Here's where it gets complicated. The fourth and final HAF installment — roughly another $65 million — is conditional. CMHC requires City Council to adopt a zoning replacement that allows a minimum of four residential units on a majority of lots across the city, or to significantly develop such a replacement, before October 27, 2026.

That deadline lands directly on top of a political mess Council already created. On April 8, 2026 — just two weeks ago — Council voted 12-3 to repeal blanket rezoning, a policy introduced in May 2024 that had allowed multi-unit homes in established single-family neighbourhoods. CMHC had already warned that reversing housing commitments could put future HAF funding at risk.

Council is now threading a needle: they killed the old zoning policy but still need to deliver a new one that satisfies the same federal threshold — in six months — to collect the final cheque.

What's Actually at Stake for Everyday Calgarians

An RBC Economics report from April 2026 puts Calgary homeownership costs at roughly 42% of household income — uncomfortable, but well below the national average of 52%. That gap didn't happen by accident. It took a decade of sustained building to get here, and HAF money has been part of the engine.

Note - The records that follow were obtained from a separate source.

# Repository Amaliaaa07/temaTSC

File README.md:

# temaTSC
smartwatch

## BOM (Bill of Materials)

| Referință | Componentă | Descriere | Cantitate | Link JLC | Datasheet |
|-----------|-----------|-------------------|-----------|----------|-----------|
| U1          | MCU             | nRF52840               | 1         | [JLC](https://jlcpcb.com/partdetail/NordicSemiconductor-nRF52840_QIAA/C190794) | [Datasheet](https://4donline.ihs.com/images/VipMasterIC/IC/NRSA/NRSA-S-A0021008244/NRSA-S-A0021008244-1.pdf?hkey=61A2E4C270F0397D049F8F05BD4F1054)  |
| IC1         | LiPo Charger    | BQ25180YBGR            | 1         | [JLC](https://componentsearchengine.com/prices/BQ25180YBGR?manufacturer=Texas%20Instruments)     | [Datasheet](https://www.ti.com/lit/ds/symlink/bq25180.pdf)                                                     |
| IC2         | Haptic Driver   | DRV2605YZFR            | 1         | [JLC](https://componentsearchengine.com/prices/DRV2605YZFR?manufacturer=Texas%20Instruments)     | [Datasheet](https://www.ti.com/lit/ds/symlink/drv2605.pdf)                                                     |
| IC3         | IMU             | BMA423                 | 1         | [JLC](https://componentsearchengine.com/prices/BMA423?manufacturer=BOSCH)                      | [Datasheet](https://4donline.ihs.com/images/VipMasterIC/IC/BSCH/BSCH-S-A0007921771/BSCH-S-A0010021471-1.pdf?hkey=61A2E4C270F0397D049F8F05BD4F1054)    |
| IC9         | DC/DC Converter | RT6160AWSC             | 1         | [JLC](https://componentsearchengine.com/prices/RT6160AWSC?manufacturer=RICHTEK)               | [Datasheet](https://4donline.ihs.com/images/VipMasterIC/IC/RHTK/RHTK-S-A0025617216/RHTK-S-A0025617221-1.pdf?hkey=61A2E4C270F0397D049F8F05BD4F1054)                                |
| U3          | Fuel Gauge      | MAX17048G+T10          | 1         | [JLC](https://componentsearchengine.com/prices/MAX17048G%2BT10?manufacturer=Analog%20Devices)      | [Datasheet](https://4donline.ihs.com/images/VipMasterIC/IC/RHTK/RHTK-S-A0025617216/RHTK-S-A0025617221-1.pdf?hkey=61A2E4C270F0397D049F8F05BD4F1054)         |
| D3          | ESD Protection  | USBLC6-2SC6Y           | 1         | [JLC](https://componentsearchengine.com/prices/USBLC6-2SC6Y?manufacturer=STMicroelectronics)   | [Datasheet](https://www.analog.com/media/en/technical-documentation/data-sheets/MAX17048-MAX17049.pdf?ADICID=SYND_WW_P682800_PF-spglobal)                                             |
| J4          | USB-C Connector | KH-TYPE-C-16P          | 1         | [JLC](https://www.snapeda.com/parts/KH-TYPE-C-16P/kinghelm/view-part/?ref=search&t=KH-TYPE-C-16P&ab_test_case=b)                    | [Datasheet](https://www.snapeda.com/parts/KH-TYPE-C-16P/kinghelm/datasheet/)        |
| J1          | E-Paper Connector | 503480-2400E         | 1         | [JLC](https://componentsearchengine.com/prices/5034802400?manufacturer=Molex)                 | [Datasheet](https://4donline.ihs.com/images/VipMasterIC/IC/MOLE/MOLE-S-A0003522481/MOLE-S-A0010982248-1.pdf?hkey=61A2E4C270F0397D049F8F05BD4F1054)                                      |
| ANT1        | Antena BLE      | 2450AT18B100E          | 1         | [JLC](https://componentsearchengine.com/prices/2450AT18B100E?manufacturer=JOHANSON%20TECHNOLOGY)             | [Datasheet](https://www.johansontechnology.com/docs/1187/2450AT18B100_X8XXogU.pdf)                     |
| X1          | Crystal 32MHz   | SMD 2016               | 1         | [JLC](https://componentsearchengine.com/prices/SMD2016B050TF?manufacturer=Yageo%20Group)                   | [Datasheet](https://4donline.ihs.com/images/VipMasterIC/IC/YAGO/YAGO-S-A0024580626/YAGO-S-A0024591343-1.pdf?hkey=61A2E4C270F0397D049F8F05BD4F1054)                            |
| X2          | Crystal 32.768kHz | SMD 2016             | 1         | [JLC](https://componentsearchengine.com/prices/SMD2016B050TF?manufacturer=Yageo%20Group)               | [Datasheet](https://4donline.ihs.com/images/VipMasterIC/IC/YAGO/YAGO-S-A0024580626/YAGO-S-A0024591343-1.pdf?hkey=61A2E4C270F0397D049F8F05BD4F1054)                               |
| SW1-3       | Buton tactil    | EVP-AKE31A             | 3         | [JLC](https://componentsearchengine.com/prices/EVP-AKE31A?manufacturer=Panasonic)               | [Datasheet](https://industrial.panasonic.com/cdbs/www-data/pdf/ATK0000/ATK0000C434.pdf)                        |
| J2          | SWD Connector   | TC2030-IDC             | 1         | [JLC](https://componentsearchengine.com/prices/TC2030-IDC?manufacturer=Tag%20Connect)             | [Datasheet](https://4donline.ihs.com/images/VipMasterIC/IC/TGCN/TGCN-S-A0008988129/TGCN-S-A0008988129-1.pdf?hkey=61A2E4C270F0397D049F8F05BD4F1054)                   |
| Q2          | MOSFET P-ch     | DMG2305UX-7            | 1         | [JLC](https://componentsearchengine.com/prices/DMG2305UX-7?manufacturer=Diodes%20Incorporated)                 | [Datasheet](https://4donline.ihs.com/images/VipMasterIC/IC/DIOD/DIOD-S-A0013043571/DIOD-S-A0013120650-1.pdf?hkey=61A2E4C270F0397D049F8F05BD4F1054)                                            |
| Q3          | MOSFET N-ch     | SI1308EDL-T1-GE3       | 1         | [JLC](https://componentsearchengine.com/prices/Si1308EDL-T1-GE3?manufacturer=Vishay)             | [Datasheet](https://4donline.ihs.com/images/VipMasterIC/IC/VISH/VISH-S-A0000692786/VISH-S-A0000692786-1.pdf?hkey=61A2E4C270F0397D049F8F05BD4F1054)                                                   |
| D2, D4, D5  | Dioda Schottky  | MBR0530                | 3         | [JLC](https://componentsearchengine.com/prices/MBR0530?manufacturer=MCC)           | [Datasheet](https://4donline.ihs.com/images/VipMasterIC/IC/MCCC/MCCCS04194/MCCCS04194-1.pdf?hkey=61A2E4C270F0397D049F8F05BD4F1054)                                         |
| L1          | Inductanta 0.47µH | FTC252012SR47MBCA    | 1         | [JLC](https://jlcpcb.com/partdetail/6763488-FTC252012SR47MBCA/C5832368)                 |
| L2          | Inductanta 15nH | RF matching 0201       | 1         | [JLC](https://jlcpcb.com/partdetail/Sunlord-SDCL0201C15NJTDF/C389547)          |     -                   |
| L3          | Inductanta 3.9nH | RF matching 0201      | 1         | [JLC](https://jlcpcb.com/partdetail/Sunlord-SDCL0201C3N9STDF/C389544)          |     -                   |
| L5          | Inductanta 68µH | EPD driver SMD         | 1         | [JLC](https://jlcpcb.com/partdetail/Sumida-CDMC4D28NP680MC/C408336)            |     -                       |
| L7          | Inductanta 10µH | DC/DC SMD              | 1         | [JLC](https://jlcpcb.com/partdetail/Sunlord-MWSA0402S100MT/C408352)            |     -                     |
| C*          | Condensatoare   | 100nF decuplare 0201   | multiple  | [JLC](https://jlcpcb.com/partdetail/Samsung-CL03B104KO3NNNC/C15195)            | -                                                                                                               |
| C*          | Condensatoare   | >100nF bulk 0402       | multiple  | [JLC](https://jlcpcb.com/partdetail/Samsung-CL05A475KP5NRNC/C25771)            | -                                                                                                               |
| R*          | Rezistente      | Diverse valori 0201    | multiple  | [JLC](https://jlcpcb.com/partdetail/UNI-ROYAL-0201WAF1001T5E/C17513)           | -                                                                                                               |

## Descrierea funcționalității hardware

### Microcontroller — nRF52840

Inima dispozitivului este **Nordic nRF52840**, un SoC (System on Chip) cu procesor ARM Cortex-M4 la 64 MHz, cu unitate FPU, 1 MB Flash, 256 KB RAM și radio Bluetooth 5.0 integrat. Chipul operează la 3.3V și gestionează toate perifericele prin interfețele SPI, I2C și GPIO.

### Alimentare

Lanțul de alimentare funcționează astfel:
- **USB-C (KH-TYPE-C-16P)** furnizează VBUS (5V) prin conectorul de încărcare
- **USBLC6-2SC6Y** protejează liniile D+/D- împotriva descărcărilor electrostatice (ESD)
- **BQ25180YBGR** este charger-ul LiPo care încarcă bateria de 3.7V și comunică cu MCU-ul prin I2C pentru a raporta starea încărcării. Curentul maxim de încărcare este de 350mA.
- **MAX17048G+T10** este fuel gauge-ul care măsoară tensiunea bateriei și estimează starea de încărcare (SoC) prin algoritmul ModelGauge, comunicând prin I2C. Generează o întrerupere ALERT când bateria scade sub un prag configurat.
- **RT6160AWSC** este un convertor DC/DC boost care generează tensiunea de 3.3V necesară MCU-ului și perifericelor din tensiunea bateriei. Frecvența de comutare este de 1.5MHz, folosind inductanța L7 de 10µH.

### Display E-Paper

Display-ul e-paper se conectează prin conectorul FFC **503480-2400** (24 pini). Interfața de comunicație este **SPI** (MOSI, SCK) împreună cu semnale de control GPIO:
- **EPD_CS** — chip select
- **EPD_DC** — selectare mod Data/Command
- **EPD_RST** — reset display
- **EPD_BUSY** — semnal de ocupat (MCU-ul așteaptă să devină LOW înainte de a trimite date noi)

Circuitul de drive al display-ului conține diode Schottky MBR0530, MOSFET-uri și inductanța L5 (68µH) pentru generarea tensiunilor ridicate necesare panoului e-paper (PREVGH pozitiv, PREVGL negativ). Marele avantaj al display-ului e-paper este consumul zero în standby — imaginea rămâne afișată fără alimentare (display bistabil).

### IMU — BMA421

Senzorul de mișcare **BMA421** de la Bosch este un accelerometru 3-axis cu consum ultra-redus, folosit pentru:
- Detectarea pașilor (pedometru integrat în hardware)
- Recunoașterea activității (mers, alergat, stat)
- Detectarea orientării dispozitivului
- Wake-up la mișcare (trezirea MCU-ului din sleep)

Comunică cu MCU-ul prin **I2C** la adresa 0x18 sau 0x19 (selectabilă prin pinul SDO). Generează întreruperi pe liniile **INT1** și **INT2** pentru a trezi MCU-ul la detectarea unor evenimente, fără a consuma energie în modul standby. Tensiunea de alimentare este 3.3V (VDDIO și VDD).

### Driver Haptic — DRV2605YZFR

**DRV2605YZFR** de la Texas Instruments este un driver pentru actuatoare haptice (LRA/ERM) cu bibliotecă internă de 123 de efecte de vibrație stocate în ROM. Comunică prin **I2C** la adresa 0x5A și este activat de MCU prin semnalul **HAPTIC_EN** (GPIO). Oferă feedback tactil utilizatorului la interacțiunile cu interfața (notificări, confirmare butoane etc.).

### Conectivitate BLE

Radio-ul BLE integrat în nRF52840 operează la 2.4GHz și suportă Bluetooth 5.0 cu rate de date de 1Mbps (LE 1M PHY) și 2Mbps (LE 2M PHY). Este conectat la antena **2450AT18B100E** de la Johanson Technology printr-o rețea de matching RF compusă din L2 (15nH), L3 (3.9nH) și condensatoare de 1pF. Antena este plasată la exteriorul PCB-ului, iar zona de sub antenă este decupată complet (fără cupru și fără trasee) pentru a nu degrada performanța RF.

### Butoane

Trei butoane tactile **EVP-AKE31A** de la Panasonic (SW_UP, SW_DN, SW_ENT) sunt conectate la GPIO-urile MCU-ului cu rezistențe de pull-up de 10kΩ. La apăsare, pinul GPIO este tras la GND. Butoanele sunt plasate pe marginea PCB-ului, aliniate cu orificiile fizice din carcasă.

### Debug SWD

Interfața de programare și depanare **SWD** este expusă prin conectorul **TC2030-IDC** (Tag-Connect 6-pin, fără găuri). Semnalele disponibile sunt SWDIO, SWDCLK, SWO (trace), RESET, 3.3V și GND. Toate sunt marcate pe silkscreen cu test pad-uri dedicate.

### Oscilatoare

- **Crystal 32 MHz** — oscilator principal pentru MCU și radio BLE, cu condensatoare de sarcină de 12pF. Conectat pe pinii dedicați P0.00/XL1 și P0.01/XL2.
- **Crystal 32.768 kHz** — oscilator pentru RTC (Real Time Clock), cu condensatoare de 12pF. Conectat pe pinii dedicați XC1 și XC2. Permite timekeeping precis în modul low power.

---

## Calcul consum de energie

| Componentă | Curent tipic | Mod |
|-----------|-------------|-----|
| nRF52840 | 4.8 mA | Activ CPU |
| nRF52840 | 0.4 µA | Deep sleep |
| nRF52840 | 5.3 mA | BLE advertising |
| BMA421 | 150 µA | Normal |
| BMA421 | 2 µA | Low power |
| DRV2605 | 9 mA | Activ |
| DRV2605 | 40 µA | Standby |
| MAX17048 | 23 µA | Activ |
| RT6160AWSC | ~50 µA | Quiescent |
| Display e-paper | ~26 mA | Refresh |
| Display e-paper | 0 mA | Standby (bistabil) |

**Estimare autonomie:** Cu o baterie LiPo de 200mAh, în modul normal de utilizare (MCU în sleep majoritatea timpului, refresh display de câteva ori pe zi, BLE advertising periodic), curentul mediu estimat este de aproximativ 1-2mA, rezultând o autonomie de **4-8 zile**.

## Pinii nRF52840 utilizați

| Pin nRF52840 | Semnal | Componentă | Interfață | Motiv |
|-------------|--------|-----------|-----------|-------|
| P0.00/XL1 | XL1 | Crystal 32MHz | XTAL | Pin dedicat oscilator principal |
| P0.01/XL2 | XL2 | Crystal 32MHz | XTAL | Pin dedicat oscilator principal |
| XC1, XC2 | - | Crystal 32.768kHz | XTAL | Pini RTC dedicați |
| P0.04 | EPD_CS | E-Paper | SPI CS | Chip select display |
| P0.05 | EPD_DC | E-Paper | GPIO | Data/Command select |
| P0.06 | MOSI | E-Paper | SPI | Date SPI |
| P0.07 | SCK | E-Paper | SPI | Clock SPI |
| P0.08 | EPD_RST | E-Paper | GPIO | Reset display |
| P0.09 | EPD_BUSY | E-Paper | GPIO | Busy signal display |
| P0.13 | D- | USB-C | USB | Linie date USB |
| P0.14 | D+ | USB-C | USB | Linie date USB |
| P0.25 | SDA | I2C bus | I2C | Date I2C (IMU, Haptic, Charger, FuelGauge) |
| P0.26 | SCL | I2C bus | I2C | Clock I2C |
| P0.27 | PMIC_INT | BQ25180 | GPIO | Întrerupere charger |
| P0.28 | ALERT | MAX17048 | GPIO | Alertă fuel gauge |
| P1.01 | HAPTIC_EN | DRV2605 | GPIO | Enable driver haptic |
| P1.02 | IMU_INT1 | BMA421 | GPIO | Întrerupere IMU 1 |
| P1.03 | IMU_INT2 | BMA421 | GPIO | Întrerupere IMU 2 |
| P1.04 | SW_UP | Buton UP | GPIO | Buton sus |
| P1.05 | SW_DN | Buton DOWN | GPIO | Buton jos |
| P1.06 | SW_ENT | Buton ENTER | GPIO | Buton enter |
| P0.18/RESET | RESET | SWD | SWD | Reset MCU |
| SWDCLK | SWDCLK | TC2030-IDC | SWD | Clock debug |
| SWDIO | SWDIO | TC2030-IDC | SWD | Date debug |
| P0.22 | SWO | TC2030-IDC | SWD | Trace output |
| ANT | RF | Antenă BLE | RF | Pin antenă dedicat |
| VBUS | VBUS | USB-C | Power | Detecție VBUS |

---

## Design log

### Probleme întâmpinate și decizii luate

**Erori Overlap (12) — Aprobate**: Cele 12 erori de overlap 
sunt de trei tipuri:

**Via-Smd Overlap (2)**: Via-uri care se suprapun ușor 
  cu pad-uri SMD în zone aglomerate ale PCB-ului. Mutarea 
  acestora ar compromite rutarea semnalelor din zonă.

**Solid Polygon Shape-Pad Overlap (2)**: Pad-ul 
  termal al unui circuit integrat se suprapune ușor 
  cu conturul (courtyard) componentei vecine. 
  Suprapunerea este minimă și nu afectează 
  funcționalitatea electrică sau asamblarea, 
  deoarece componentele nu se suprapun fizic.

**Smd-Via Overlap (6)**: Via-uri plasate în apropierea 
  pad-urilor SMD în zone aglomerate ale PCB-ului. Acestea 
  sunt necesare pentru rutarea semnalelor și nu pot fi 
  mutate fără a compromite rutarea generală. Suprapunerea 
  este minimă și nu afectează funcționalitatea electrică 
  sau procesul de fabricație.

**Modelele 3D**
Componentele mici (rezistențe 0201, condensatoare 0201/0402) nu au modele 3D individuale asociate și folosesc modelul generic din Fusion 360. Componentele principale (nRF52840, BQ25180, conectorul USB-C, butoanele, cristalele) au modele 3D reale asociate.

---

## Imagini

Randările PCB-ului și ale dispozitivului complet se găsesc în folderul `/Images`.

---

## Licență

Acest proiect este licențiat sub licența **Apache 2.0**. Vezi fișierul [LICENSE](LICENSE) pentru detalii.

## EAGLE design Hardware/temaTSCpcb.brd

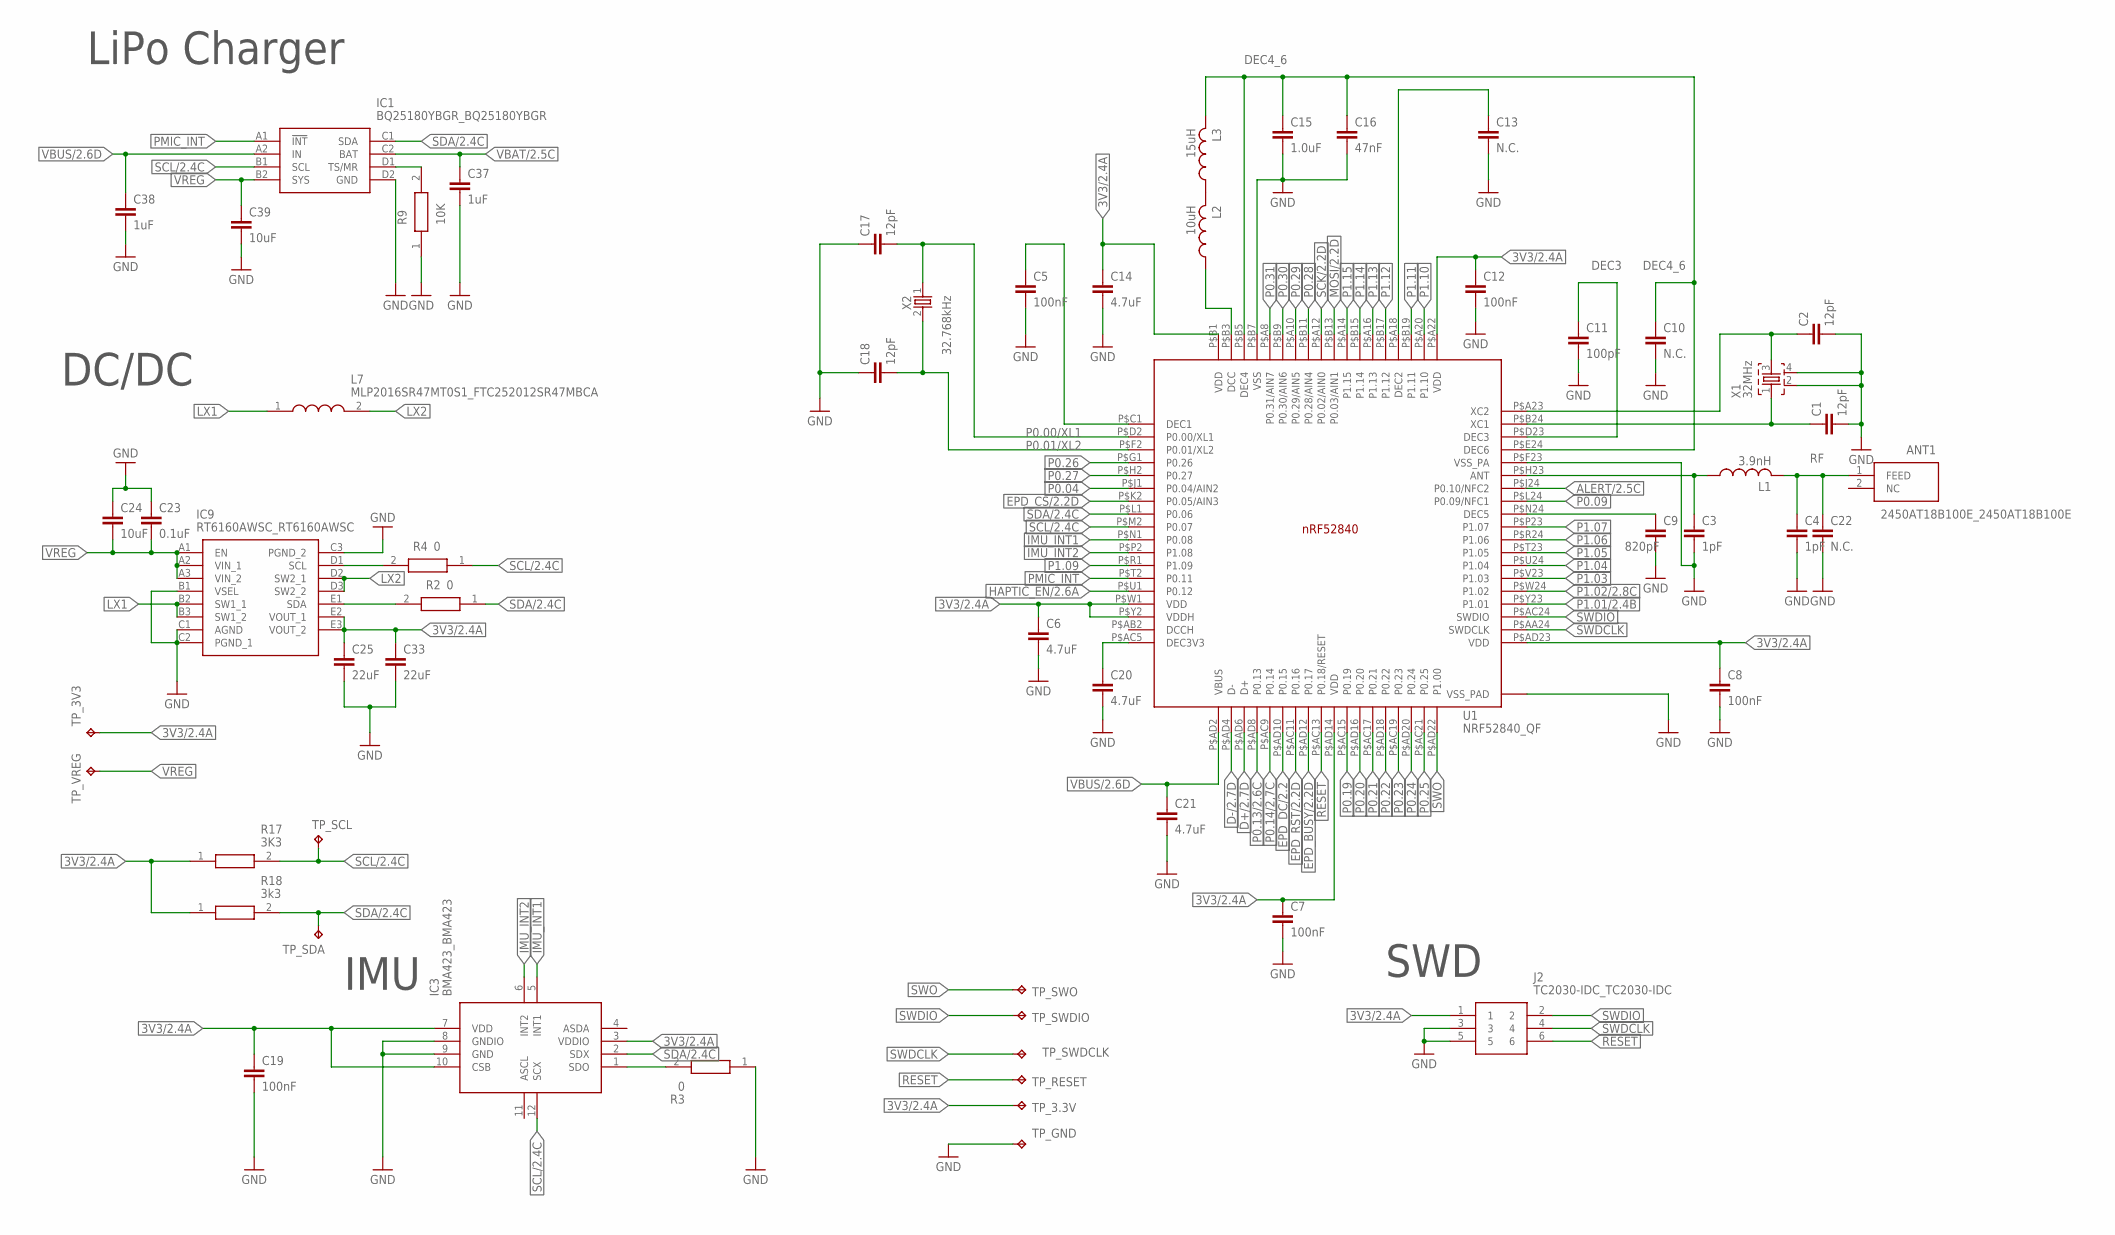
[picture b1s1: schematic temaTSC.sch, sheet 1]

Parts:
ANT1: 2450AT18B100E_2450AT18B100E; 2450AT18B100E_ANTC3216X140N
C1, C2, C17, C18: 12pF; NORDIC_NRF_3_RESC0201_L
C3, C4: 1pF; NORDIC_NRF_3_RESC0201_L
C5, C7, C8, C12, C19: 100nF; NORDIC_NRF_3_RESC0201_L
C6, C14, C20, C21: 4.7uF; NORDIC_NRF_3_RESC0402_L
C9: 820pF; NORDIC_NRF_3_RESC0201_L
C10, C13, C22: N.C.; NORDIC_NRF_3_RESC0201_L
C11: 100pF; NORDIC_NRF_3_RESC0201_L
C15: 1.0uF; NORDIC_NRF_3_RESC0402_L
C16: 47nF; NORDIC_NRF_3_RESC0201_L
C23: 0.1uF; NORDIC_NRF_3_RESC0201_L
C24, C39: 10uF; NORDIC_NRF_3_RESC0402_L
C25, C33: 22uF; NORDIC_NRF_3_RESC0402_L
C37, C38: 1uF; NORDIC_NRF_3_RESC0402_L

Lose the final installment and you lose momentum — not just dollars. Purpose-built rental completions have been the primary driver of vacancy rate improvement. Slow the pipeline and that vacancy rate tightens back up. Rents follow.

Calgary committed to a target of 42,667 new units between October 2023 and October 2026. It's already blown past that number. But the federal government isn't just counting homes — it's counting policy commitments. And Council's April 8 vote put one of those commitments directly in question.

The clock on the fourth installment runs out in six months. Council has a replacement zoning framework to build, a fractured political consensus to repair, and a city that's finally — finally — catching its breath on housing supply. Whether they let that momentum stall is the only real question left on the table.